Lalu Prasad convicted in corruption case
A court in India yesterday convicted senior Indian opposition politician Lalu Prasad Yadav in a corruption case. He was promptly sent to a high-security jail.
CBI judge Shivpal Singh in Ranchi, gave the ruling against Yadav, chief of Rashtriya Janata Dal and former chief minister of Bihar state, in the case pertaining to fraudulent withdrawal of Rs 89.27 lakh from government treasury between 1991 and 1994.
The quantum of punishment will be pronounced on January 3.
Lalu Prasad and 15 other convicts were taken into custody immediately after the pronouncement of the verdict.
A charge sheet in the case was filed against 38 people on October 27, 1997. Eleven of them died and three turned approvers while two other accused confessed and were convicted in 2006-07, a CBI official said.
Yadav was found guilty of graft charges in one of the six cases lodged against him in the 1996 fodder scam. The court also found 15 others guilty in the case.

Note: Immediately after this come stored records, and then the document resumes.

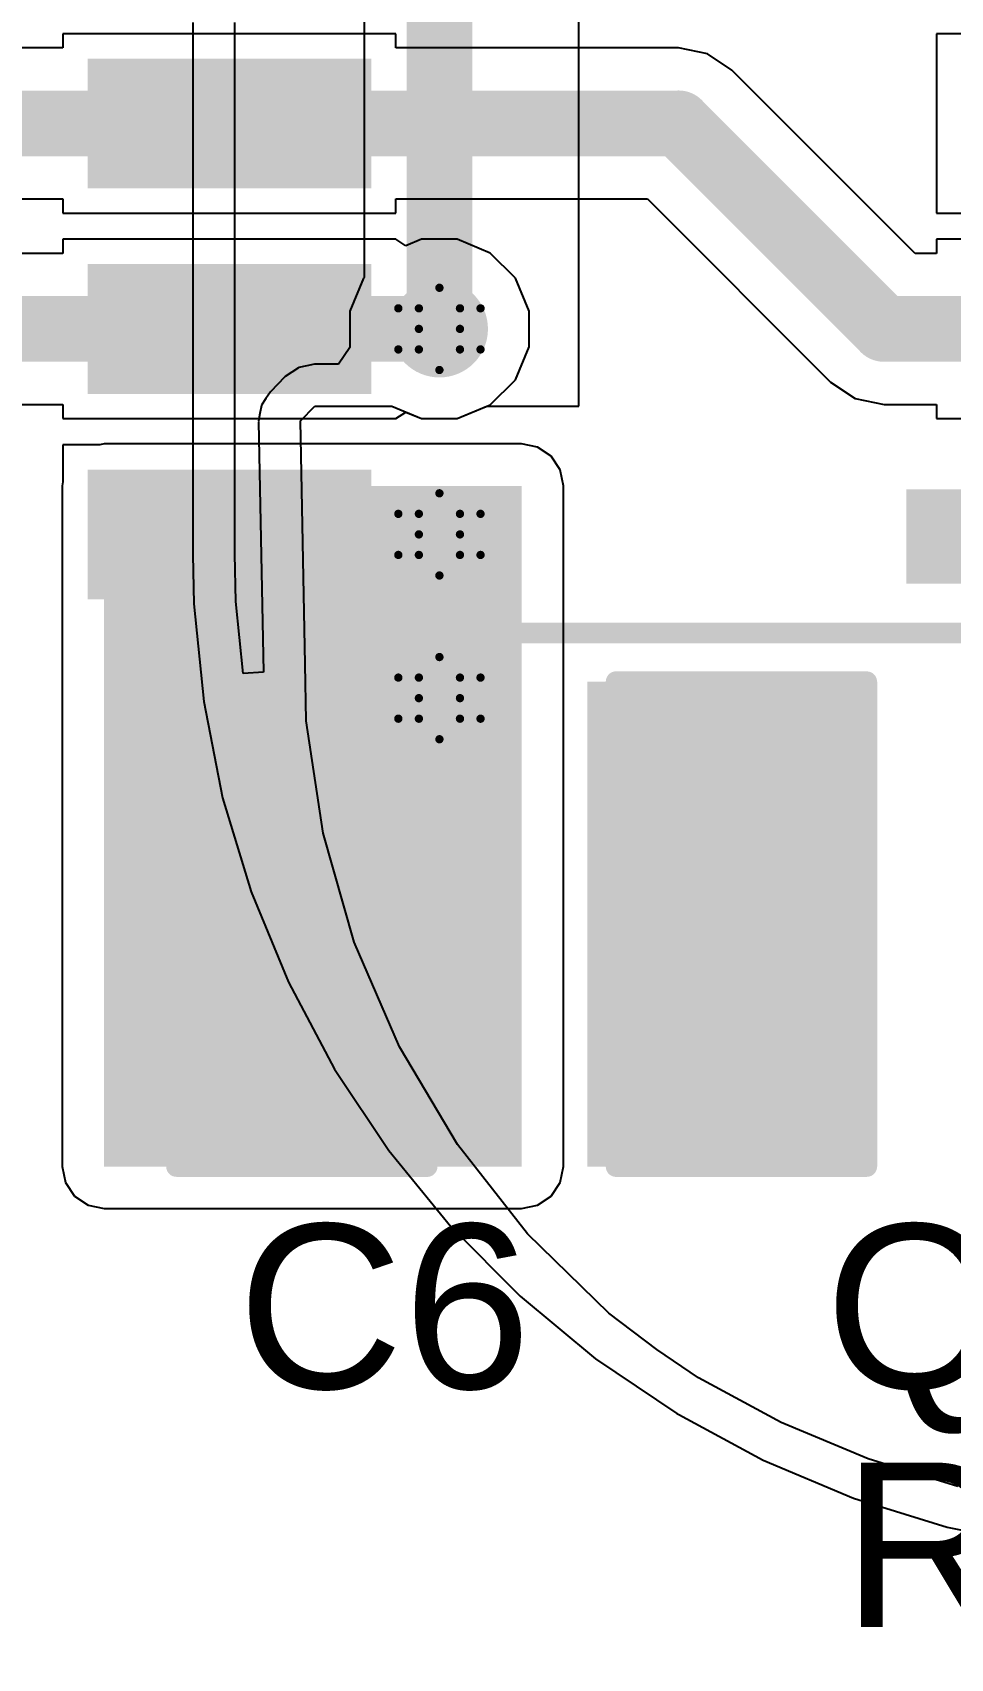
# Model space of a CAD drawing. Header units: inches. Extents: x -38 to 391, y -38 to 85.
# Drawn here: x -22.58 to -16.91, y -29.79 to -19.74 of the extents above; entities that cross this region are included whole.
import ezdxf

# ---------------------------------------------------------------- set-up
doc = ezdxf.new("R2010")
doc.units = ezdxf.units.IN
for name, color, linetype in [('Board Outline', 216, 'Continuous'), ('Bottom Layer', 5, 'Continuous'), ('Drill Drawing', 1, 'Continuous'), ('Top Layer', 1, 'Continuous'), ('Top Overlay', 2, 'Continuous'), ('Top Paste', 8, 'Continuous'), ('Top Solder', 216, 'Continuous'), ('Via Holes', 16, 'Continuous')]:
    doc.layers.add(name, color=color, linetype=linetype)
doc.styles.add('Arial', font='', dxfattribs={"height": 0.2})
doc.styles.get('Arial').set_extended_font_data('Arial')

msp = doc.modelspace()

# ---------------------------------------------------------------- hatches: boundary and pattern name
at = {"layer": 'Bottom Layer'}
h = msp.add_hatch(color=5, dxfattribs=at)
edge = h.paths.add_edge_path()
edge.add_arc((-20.066, -21.569), 0.3, 0, 360)
h = msp.add_hatch(color=5, dxfattribs=at)
edge = h.paths.add_edge_path()
edge.add_arc((-20.066, -22.839), 0.3, 0, 360)
h = msp.add_hatch(color=5, dxfattribs=at)
edge = h.paths.add_edge_path()
edge.add_arc((-20.066, -23.851), 0.3, 0, 360)
at = {"layer": 'Top Layer'}
for points in [[(-20.589, -19.999), (-20.589, -20.599), (-22.139, -20.599), (-22.139, -19.999)], [(-20.589, -21.269), (-20.589, -21.869), (-22.139, -21.869), (-22.139, -21.269)], [(-22.139, -26.746), (-19.558, -26.746), (-19.558, -22.539), (-22.139, -22.539)], [(-20.589, -22.539), (-20.589, -23.139), (-22.139, -23.139), (-22.139, -22.539)], [(-20.066, -26.645), (-21.59, -26.645), (-21.59, -23.851), (-20.066, -23.851)], [(-17.526, -26.645), (-19.05, -26.645), (-19.05, -23.851), (-17.526, -23.851)]]:
    msp.add_hatch(color=1, dxfattribs=at).paths.add_polyline_path(points)
h = msp.add_hatch(color=1, dxfattribs=at)
edge = h.paths.add_edge_path()
edge.add_arc((-20.066, -21.569), 0.3, 0, 360)
h = msp.add_hatch(color=1, dxfattribs=at)
edge = h.paths.add_edge_path()
edge.add_arc((-20.066, -22.839), 0.3, 0, 360)
h = msp.add_hatch(color=1, dxfattribs=at)
edge = h.paths.add_edge_path()
edge.add_arc((-20.066, -23.851), 0.3, 0, 360)
at = {"layer": 'Top Overlay'}
msp.add_hatch(color=2, dxfattribs=at).paths.add_polyline_path([(-16.826, -22.56), (-17.181, -22.56), (-17.181, -23.144), (-16.826, -23.144)])
at = {"layer": 'Top Paste'}
for points in [[(-20.589, -19.999), (-20.589, -20.599), (-22.139, -20.599), (-22.139, -19.999)], [(-20.589, -21.269), (-20.589, -21.869), (-22.139, -21.869), (-22.139, -21.269)], [(-20.589, -22.539), (-20.589, -23.139), (-22.139, -23.139), (-22.139, -22.539)], [(-20.066, -26.645), (-21.59, -26.645), (-21.59, -23.851), (-20.066, -23.851)], [(-17.526, -26.645), (-19.05, -26.645), (-19.05, -23.851), (-17.526, -23.851)]]:
    msp.add_hatch(color=8, dxfattribs=at).paths.add_polyline_path(points)
at = {"layer": 'Top Solder'}
for points in [[(-20.487, -19.898), (-20.487, -20.701), (-22.24, -20.701), (-22.24, -19.898)], [(-20.487, -21.168), (-20.487, -21.971), (-22.24, -21.971), (-22.24, -21.168)], [(-20.487, -22.438), (-20.487, -23.241), (-22.24, -23.241), (-22.24, -22.438)], [(-19.964, -26.746), (-21.692, -26.746), (-21.692, -23.749), (-19.964, -23.749)], [(-17.424, -26.746), (-19.152, -26.746), (-19.152, -23.749), (-17.424, -23.749)]]:
    msp.add_hatch(color=216, dxfattribs=at).paths.add_polyline_path(points)
at = {"layer": 'Via Holes'}
h = msp.add_hatch(color=7, dxfattribs=at)
edge = h.paths.add_edge_path()
edge.add_arc((-20.066, -21.569), 0.15, 0, 360)
h = msp.add_hatch(color=7, dxfattribs=at)
edge = h.paths.add_edge_path()
edge.add_arc((-20.066, -22.839), 0.15, 0, 360)
h = msp.add_hatch(color=7, dxfattribs=at)
edge = h.paths.add_edge_path()
edge.add_arc((-20.066, -23.851), 0.15, 0, 360)

# ---------------------------------------------------------------- linework, layer by layer
at = {"layer": 'Board Outline'}
msp.add_lwpolyline([(38.101, 0, 0.254, 0.254, 1), (-38.099, 0, 0.254, 0.254, 1)], format="xyseb", close=True, dxfattribs=at)
at = {"layer": 'Bottom Layer'}
for p, q in [((-19.204, -22.047), (-19.204, -12.406)), ((-20.532, -13.314), (-20.532, -21.252)), ((-21.59, -19.675), (-21.59, -22.965)), ((-21.331, -22.962), (-21.331, -19.675)), ((-20.536, -21.256), (-20.62, -21.459)), ((-20.532, -21.252), (-20.536, -21.256)), ((-20.62, -21.459), (-20.62, -21.68)), ((-20.619, -21.683), (-20.689, -21.788)), ((-20.62, -21.68), (-20.619, -21.683)), ((-20.886, -21.798), (-20.935, -21.808)), ((-20.838, -21.788), (-20.886, -21.798)), ((-20.837, -21.788), (-20.838, -21.788)), ((-20.836, -21.788), (-20.837, -21.788)), ((-20.689, -21.788), (-20.836, -21.788)), ((-21.021, -21.866), (-21.11, -21.957)), ((-21.02, -21.865), (-21.021, -21.866)), ((-21.019, -21.864), (-21.02, -21.865)), ((-20.978, -21.837), (-21.019, -21.864)), ((-20.937, -21.809), (-20.978, -21.837)), ((-20.936, -21.809), (-20.937, -21.809)), ((-20.935, -21.808), (-20.936, -21.809)), ((-21.138, -22), (-21.165, -22.041)), ((-21.111, -21.958), (-21.138, -22)), ((-21.11, -21.958), (-21.111, -21.958)), ((-21.11, -21.957), (-21.11, -21.958)), ((-21.175, -22.092), (-21.184, -22.14)), ((-21.166, -22.043), (-21.175, -22.092)), ((-21.165, -22.042), (-21.166, -22.043)), ((-21.165, -22.041), (-21.165, -22.042)), ((-20.925, -22.138), (-20.836, -22.047)), ((-20.836, -22.047), (-20.36, -22.047)), ((-20.36, -22.047), (-20.176, -22.123)), ((-19.956, -22.123), (-19.772, -22.047)), ((-19.772, -22.047), (-19.204, -22.047)), ((-21.184, -22.14), (-21.183, -22.142)), ((-21.183, -22.142), (-21.184, -22.143)), ((-21.184, -22.143), (-21.153, -23.69)), ((-20.895, -23.64), (-20.925, -22.138)), ((-20.176, -22.123), (-19.956, -22.123)), ((-21.59, -22.965), (-21.583, -23.268)), ((-21.324, -23.253), (-21.331, -22.962)), ((-21.583, -23.268), (-21.523, -23.872)), ((-21.28, -23.698), (-21.324, -23.253)), ((-21.153, -23.69), (-21.28, -23.698)), ((-20.889, -23.991), (-20.895, -23.64)), ((-21.523, -23.872), (-21.406, -24.466)), ((-20.784, -24.685), (-20.889, -23.991)), ((-21.406, -24.466), (-21.23, -25.047)), ((-20.592, -25.36), (-20.784, -24.685)), ((-21.23, -25.047), (-20.999, -25.607)), ((-20.313, -26.005), (-20.592, -25.36)), ((-20.999, -25.607), (-20.715, -26.143)), ((-19.954, -26.609), (-20.313, -26.005)), ((-20.715, -26.143), (-20.379, -26.647)), ((-19.521, -27.161), (-19.954, -26.609)), ((-20.379, -26.647), (-19.996, -27.117)), ((-19.996, -27.117), (-19.568, -27.547)), ((-19.019, -27.652), (-19.521, -27.161)), ((-19.568, -27.547), (-19.101, -27.934)), ((-18.722, -27.877), (-19.019, -27.652)), ((-19.101, -27.934), (-18.598, -28.272)), ((-18.464, -28.051), (-18.722, -27.877)), ((-17.953, -28.327), (-18.464, -28.051)), ((-18.598, -28.272), (-18.587, -28.278)), ((-18.587, -28.278), (-18.587, -28.278)), ((-18.587, -28.278), (-18.065, -28.561)), ((-17.417, -28.552), (-17.953, -28.327)), ((-18.065, -28.561), (-17.506, -28.795)), ((-16.862, -28.723), (-17.417, -28.552)), ((-17.506, -28.795), (-16.927, -28.974)), ((-16.927, -28.974), (-16.333, -29.096))]:
    msp.add_line(p, q, dxfattribs=at)
msp.add_lwpolyline([(-20.066, -21.569, 0.406, 0.406, 0), (-20.066, -13.121, 0.406, 0.406, 0)], format="xyseb", dxfattribs=at)
msp.add_lwpolyline([(-20.168, -21.569, 0.203, 0.203, 1), (-19.964, -21.569, 0.203, 0.203, 1)], format="xyseb", close=True, dxfattribs=at)
at = {"layer": 'Drill Drawing'}
for points in [[(-20.193, -21.442, 0.0508, 0.0508, 0), (-20.066, -21.315, 0.0508, 0.0508, 0)], [(-20.066, -21.315, 0.0508, 0.0508, 0), (-19.939, -21.442, 0.0508, 0.0508, 0)], [(-20.32, -21.442, 0.0508, 0.0508, 0), (-20.193, -21.569, 0.0508, 0.0508, 0)], [(-20.32, -21.442, 0.0508, 0.0508, 0), (-20.193, -21.442, 0.0508, 0.0508, 0)], [(-19.939, -21.442, 0.0508, 0.0508, 0), (-19.812, -21.442, 0.0508, 0.0508, 0)], [(-19.939, -21.569, 0.0508, 0.0508, 0), (-19.812, -21.442, 0.0508, 0.0508, 0)], [(-20.32, -21.696, 0.0508, 0.0508, 0), (-20.193, -21.569, 0.0508, 0.0508, 0)], [(-19.939, -21.569, 0.0508, 0.0508, 0), (-19.812, -21.696, 0.0508, 0.0508, 0)], [(-20.32, -21.696, 0.0508, 0.0508, 0), (-20.193, -21.696, 0.0508, 0.0508, 0)], [(-20.193, -21.696, 0.0508, 0.0508, 0), (-20.066, -21.823, 0.0508, 0.0508, 0)], [(-20.066, -21.823, 0.0508, 0.0508, 0), (-19.939, -21.696, 0.0508, 0.0508, 0)], [(-19.939, -21.696, 0.0508, 0.0508, 0), (-19.812, -21.696, 0.0508, 0.0508, 0)], [(-20.193, -22.712, 0.0508, 0.0508, 0), (-20.066, -22.585, 0.0508, 0.0508, 0)], [(-20.066, -22.585, 0.0508, 0.0508, 0), (-19.939, -22.712, 0.0508, 0.0508, 0)], [(-20.32, -22.712, 0.0508, 0.0508, 0), (-20.193, -22.839, 0.0508, 0.0508, 0)], [(-20.32, -22.712, 0.0508, 0.0508, 0), (-20.193, -22.712, 0.0508, 0.0508, 0)], [(-19.939, -22.712, 0.0508, 0.0508, 0), (-19.812, -22.712, 0.0508, 0.0508, 0)], [(-19.939, -22.839, 0.0508, 0.0508, 0), (-19.812, -22.712, 0.0508, 0.0508, 0)], [(-20.32, -22.966, 0.0508, 0.0508, 0), (-20.193, -22.839, 0.0508, 0.0508, 0)], [(-19.939, -22.839, 0.0508, 0.0508, 0), (-19.812, -22.966, 0.0508, 0.0508, 0)], [(-20.32, -22.966, 0.0508, 0.0508, 0), (-20.193, -22.966, 0.0508, 0.0508, 0)], [(-20.193, -22.966, 0.0508, 0.0508, 0), (-20.066, -23.093, 0.0508, 0.0508, 0)], [(-20.066, -23.093, 0.0508, 0.0508, 0), (-19.939, -22.966, 0.0508, 0.0508, 0)], [(-19.939, -22.966, 0.0508, 0.0508, 0), (-19.812, -22.966, 0.0508, 0.0508, 0)], [(-20.193, -23.724, 0.0508, 0.0508, 0), (-20.066, -23.597, 0.0508, 0.0508, 0)], [(-20.066, -23.597, 0.0508, 0.0508, 0), (-19.939, -23.724, 0.0508, 0.0508, 0)], [(-20.32, -23.724, 0.0508, 0.0508, 0), (-20.193, -23.851, 0.0508, 0.0508, 0)], [(-20.32, -23.724, 0.0508, 0.0508, 0), (-20.193, -23.724, 0.0508, 0.0508, 0)], [(-19.939, -23.724, 0.0508, 0.0508, 0), (-19.812, -23.724, 0.0508, 0.0508, 0)], [(-19.939, -23.851, 0.0508, 0.0508, 0), (-19.812, -23.724, 0.0508, 0.0508, 0)], [(-20.32, -23.978, 0.0508, 0.0508, 0), (-20.193, -23.851, 0.0508, 0.0508, 0)], [(-19.939, -23.851, 0.0508, 0.0508, 0), (-19.812, -23.978, 0.0508, 0.0508, 0)], [(-20.32, -23.978, 0.0508, 0.0508, 0), (-20.193, -23.978, 0.0508, 0.0508, 0)], [(-20.193, -23.978, 0.0508, 0.0508, 0), (-20.066, -24.105, 0.0508, 0.0508, 0)], [(-20.066, -24.105, 0.0508, 0.0508, 0), (-19.939, -23.978, 0.0508, 0.0508, 0)], [(-19.939, -23.978, 0.0508, 0.0508, 0), (-19.812, -23.978, 0.0508, 0.0508, 0)]]:
    msp.add_lwpolyline(points, format="xyseb", dxfattribs=at)
for points in [[(-20.079, -21.315, 0.0254, 0.0254, 1), (-20.053, -21.315, 0.0254, 0.0254, 1)], [(-20.079, -21.315, 0.0254, 0.0254, 1), (-20.053, -21.315, 0.0254, 0.0254, 1)], [(-20.333, -21.442, 0.0254, 0.0254, 1), (-20.307, -21.442, 0.0254, 0.0254, 1)], [(-20.333, -21.442, 0.0254, 0.0254, 1), (-20.307, -21.442, 0.0254, 0.0254, 1)], [(-20.206, -21.442, 0.0254, 0.0254, 1), (-20.18, -21.442, 0.0254, 0.0254, 1)], [(-20.206, -21.442, 0.0254, 0.0254, 1), (-20.18, -21.442, 0.0254, 0.0254, 1)], [(-19.952, -21.442, 0.0254, 0.0254, 1), (-19.926, -21.442, 0.0254, 0.0254, 1)], [(-19.952, -21.442, 0.0254, 0.0254, 1), (-19.926, -21.442, 0.0254, 0.0254, 1)], [(-19.825, -21.442, 0.0254, 0.0254, 1), (-19.799, -21.442, 0.0254, 0.0254, 1)], [(-19.825, -21.442, 0.0254, 0.0254, 1), (-19.799, -21.442, 0.0254, 0.0254, 1)], [(-20.206, -21.569, 0.0254, 0.0254, 1), (-20.18, -21.569, 0.0254, 0.0254, 1)], [(-20.206, -21.569, 0.0254, 0.0254, 1), (-20.18, -21.569, 0.0254, 0.0254, 1)], [(-19.952, -21.569, 0.0254, 0.0254, 1), (-19.926, -21.569, 0.0254, 0.0254, 1)], [(-19.952, -21.569, 0.0254, 0.0254, 1), (-19.926, -21.569, 0.0254, 0.0254, 1)], [(-20.333, -21.696, 0.0254, 0.0254, 1), (-20.307, -21.696, 0.0254, 0.0254, 1)], [(-20.333, -21.696, 0.0254, 0.0254, 1), (-20.307, -21.696, 0.0254, 0.0254, 1)], [(-20.206, -21.696, 0.0254, 0.0254, 1), (-20.18, -21.696, 0.0254, 0.0254, 1)], [(-20.206, -21.696, 0.0254, 0.0254, 1), (-20.18, -21.696, 0.0254, 0.0254, 1)], [(-19.952, -21.696, 0.0254, 0.0254, 1), (-19.926, -21.696, 0.0254, 0.0254, 1)], [(-19.952, -21.696, 0.0254, 0.0254, 1), (-19.926, -21.696, 0.0254, 0.0254, 1)], [(-19.825, -21.696, 0.0254, 0.0254, 1), (-19.799, -21.696, 0.0254, 0.0254, 1)], [(-19.825, -21.696, 0.0254, 0.0254, 1), (-19.799, -21.696, 0.0254, 0.0254, 1)], [(-20.079, -21.823, 0.0254, 0.0254, 1), (-20.053, -21.823, 0.0254, 0.0254, 1)], [(-20.079, -21.823, 0.0254, 0.0254, 1), (-20.053, -21.823, 0.0254, 0.0254, 1)], [(-20.079, -22.585, 0.0254, 0.0254, 1), (-20.053, -22.585, 0.0254, 0.0254, 1)], [(-20.079, -22.585, 0.0254, 0.0254, 1), (-20.053, -22.585, 0.0254, 0.0254, 1)], [(-20.333, -22.712, 0.0254, 0.0254, 1), (-20.307, -22.712, 0.0254, 0.0254, 1)], [(-20.333, -22.712, 0.0254, 0.0254, 1), (-20.307, -22.712, 0.0254, 0.0254, 1)], [(-20.206, -22.712, 0.0254, 0.0254, 1), (-20.18, -22.712, 0.0254, 0.0254, 1)], [(-20.206, -22.712, 0.0254, 0.0254, 1), (-20.18, -22.712, 0.0254, 0.0254, 1)], [(-19.952, -22.712, 0.0254, 0.0254, 1), (-19.926, -22.712, 0.0254, 0.0254, 1)], [(-19.952, -22.712, 0.0254, 0.0254, 1), (-19.926, -22.712, 0.0254, 0.0254, 1)], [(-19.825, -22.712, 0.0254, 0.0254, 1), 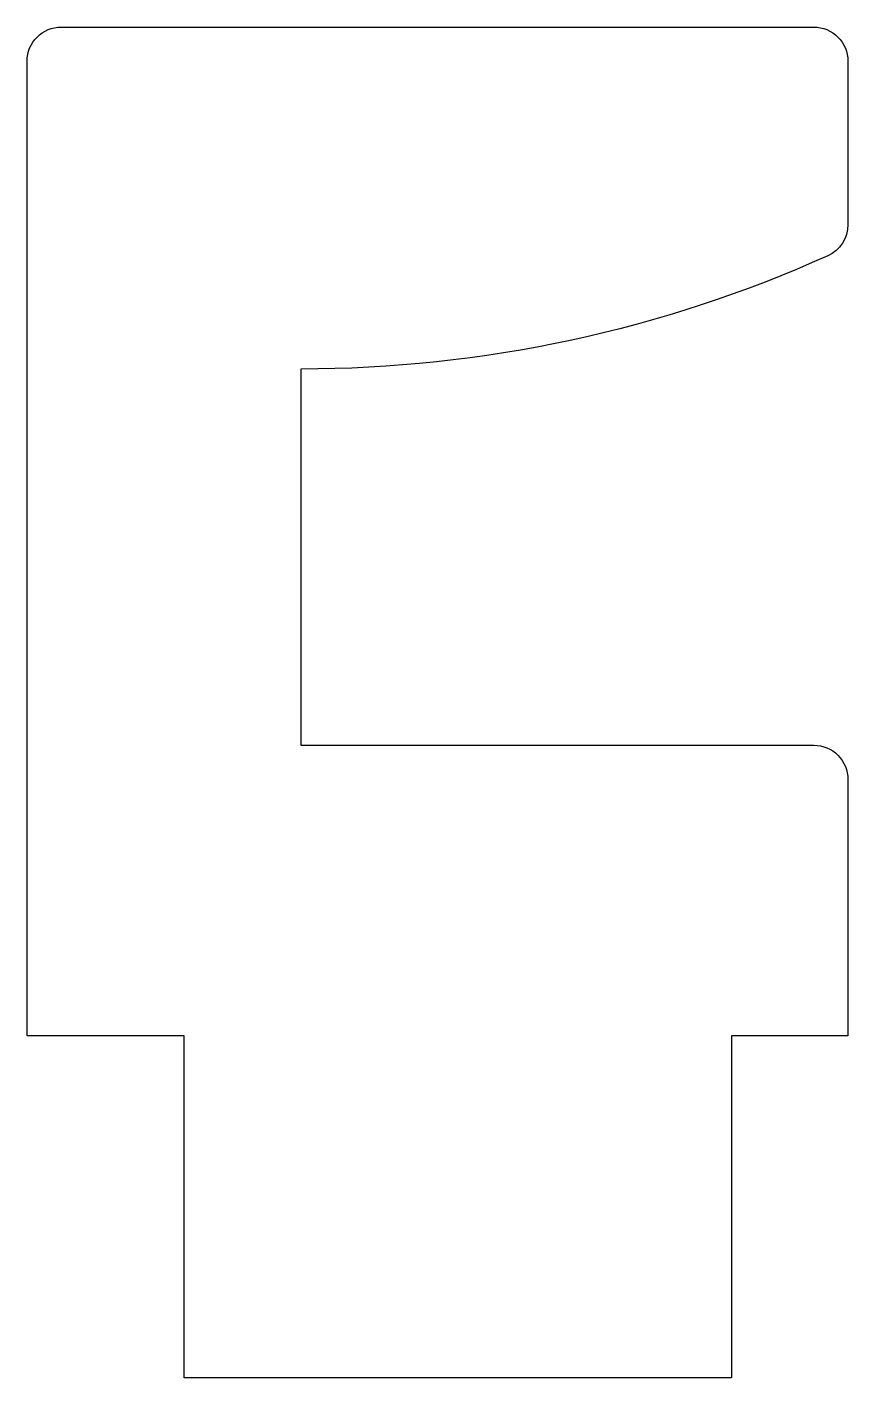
# Model space of a CAD drawing. Header units: millimetres. Extents: x 33 to 45, y -3 to 16.8.
import ezdxf

# ---------------------------------------------------------------- set-up
doc = ezdxf.new("R2010")
doc.units = ezdxf.units.MM
doc.layers.get('0').update_dxf_attribs({"linetype": 'CONTINUOUS'})

msp = doc.modelspace()

# ---------------------------------------------------------------- linework, layer by layer
msp.add_lwpolyline([(43.298, -3), (35.298, -3), (35.298, 2), (33, 2), (33, 16.25, -0.414214), (33.5, 16.75), (44.5, 16.75, -0.414214), (45, 16.25), (45, 13.862, -0.294956), (44.705, 13.406, -0.106274), (37, 11.75), (37, 6.25), (44.5, 6.25, -0.414214), (45, 5.75), (45, 2), (43.298, 2)], format="xyb", close=True)

doc.saveas('drawing.dxf')
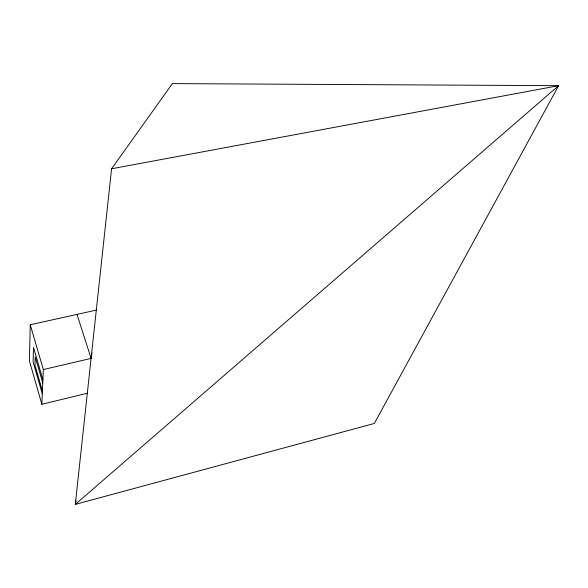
<?xml version="1.0" encoding="UTF-8"?>
<svg xmlns="http://www.w3.org/2000/svg" width="588" height="588" viewBox="0 0 588 588"><rect width="100%" height="100%" fill="white"/><g stroke="black" fill="none" stroke-linecap="round" stroke-linejoin="round"><path stroke-width="0.88" d="M96.63 310.045L30.253 324.767L29.4 360.804L41.844 404.279L87.318 393.24M41.844 404.279L43.343 369.565L30.253 324.767M111.588 168.771L75.293 504.394L374.35 423.448L558.6 85.679L172.387 83.606L111.588 168.771L558.6 85.679L75.293 504.394L76.124 500.822M43.343 369.565L91.081 358.393L91.978 353.05M77.013 314.396L91.081 358.393M42.902 379.76L33.523 347.464L33.104 361.899L42.292 393.798M42.762 382.92L35.251 356.997L34.986 365.251L42.417 390.998"/></g></svg>

On the other hand, the court acquitted six others, including former Bihar chief minister Jagannath Mishra.
Of the six cases in the scam, this was the second in which verdict was pronounced. The RJD chief was also held guilty by a court on September 30, 2013, in the first case but the Supreme Court granted him bail in December that year. In the aftermath of the verdict, he was disqualified from contesting elections.
Lalu Prasad and his wife Rabri Devi had ruled Bihar for about 15 years in the past.